### YOUR TASK:
Transcribe only the lines between the first line of the records and the line containing "Gain1 : Gain", inclusive, exactly as written.

-- EXTRACTED DATA follows --

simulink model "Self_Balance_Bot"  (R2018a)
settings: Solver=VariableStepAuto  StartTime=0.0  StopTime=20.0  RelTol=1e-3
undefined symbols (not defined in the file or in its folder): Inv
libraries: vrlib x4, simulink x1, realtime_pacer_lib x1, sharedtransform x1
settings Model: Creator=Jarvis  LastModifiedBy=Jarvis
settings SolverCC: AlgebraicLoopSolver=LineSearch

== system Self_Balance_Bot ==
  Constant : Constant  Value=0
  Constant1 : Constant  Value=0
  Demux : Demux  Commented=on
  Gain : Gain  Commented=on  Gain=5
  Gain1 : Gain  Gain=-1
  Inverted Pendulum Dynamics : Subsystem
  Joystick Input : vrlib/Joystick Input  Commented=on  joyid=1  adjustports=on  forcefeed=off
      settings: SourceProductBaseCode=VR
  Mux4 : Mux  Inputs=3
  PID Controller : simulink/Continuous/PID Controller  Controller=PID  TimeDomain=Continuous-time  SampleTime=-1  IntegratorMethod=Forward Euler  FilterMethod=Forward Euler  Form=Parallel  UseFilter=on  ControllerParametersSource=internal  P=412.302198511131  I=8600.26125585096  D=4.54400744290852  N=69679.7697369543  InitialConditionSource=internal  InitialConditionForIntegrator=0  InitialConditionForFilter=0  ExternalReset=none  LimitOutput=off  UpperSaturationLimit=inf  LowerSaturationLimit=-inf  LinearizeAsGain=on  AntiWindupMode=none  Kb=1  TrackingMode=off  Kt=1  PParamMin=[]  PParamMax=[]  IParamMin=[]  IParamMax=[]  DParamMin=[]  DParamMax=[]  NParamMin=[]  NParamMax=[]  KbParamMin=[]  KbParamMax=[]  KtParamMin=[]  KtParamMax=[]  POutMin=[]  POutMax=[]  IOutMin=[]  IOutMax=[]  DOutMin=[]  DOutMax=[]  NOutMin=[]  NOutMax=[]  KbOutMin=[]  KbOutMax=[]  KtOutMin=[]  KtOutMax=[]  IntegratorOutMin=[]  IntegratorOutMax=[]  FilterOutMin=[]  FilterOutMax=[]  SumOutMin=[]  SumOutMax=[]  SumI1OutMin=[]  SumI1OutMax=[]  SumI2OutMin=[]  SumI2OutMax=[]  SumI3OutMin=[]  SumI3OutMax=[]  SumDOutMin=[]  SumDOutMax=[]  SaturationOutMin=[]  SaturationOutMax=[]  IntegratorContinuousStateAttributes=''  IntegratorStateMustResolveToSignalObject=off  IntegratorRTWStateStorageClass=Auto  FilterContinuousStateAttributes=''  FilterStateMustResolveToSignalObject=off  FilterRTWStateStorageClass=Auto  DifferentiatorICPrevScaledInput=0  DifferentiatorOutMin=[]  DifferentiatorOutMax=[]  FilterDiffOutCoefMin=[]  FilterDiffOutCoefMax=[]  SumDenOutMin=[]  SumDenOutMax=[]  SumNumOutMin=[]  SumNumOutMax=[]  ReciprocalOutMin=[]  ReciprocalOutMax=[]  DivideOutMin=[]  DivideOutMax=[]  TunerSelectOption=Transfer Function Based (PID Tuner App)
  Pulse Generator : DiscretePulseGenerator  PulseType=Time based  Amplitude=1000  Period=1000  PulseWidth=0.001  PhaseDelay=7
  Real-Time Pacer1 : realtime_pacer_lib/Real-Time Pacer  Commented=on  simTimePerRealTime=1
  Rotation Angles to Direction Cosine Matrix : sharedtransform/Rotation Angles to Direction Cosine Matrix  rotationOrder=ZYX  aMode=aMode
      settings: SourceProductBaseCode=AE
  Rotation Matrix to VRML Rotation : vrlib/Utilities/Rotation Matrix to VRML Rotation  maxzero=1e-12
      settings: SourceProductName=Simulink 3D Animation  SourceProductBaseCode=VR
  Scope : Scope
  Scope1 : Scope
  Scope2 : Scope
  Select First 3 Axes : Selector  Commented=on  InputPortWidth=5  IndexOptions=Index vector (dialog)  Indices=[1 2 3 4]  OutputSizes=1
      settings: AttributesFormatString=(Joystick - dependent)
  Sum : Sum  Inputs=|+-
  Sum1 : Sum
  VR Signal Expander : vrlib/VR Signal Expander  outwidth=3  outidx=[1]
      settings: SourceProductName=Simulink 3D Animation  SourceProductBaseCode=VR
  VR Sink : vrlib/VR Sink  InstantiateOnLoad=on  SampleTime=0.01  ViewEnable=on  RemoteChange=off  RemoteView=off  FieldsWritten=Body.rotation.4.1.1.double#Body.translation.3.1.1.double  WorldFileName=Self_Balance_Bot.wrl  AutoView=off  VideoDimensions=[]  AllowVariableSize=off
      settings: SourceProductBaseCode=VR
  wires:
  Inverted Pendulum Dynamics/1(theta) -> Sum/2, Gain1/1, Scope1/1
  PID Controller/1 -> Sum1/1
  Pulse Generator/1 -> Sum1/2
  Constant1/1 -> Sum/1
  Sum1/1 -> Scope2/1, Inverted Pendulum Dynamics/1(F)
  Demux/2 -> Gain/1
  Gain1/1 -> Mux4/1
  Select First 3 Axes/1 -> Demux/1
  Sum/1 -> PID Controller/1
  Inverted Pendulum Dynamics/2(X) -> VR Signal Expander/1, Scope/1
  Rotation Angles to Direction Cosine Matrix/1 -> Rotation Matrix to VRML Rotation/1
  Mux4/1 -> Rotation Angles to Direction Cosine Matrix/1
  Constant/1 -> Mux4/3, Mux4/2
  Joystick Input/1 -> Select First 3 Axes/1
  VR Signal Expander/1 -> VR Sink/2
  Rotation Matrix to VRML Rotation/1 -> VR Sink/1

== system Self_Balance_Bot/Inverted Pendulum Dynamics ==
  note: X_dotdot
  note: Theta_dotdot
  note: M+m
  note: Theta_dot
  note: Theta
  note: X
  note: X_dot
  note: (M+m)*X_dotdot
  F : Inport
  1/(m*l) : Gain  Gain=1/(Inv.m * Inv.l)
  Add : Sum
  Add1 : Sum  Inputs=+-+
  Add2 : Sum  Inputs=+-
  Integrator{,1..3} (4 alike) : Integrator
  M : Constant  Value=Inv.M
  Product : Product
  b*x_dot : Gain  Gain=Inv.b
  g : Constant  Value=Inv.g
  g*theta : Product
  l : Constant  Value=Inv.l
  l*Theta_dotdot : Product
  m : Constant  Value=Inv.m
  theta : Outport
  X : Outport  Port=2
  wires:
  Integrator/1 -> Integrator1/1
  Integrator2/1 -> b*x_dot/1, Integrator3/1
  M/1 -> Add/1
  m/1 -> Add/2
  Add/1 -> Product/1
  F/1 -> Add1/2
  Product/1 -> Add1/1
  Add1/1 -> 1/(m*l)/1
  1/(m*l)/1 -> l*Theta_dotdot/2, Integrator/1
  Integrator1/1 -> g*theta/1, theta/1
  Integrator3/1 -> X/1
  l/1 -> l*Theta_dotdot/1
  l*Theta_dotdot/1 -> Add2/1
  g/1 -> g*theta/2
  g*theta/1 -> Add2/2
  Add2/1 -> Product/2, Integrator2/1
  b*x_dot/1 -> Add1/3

-- EXTRACTED DATA concluded --

### ANSWER BELOW:
simulink model "Self_Balance_Bot"  (R2018a)
settings: Solver=VariableStepAuto  StartTime=0.0  StopTime=20.0  RelTol=1e-3
undefined symbols (not defined in the file or in its folder): Inv
libraries: vrlib x4, simulink x1, realtime_pacer_lib x1, sharedtransform x1
settings Model: Creator=Jarvis  LastModifiedBy=Jarvis
settings SolverCC: AlgebraicLoopSolver=LineSearch

== system Self_Balance_Bot ==
  Constant : Constant  Value=0
  Constant1 : Constant  Value=0
  Demux : Demux  Commented=on
  Gain : Gain  Commented=on  Gain=5
  Gain1 : Gain  Gain=-1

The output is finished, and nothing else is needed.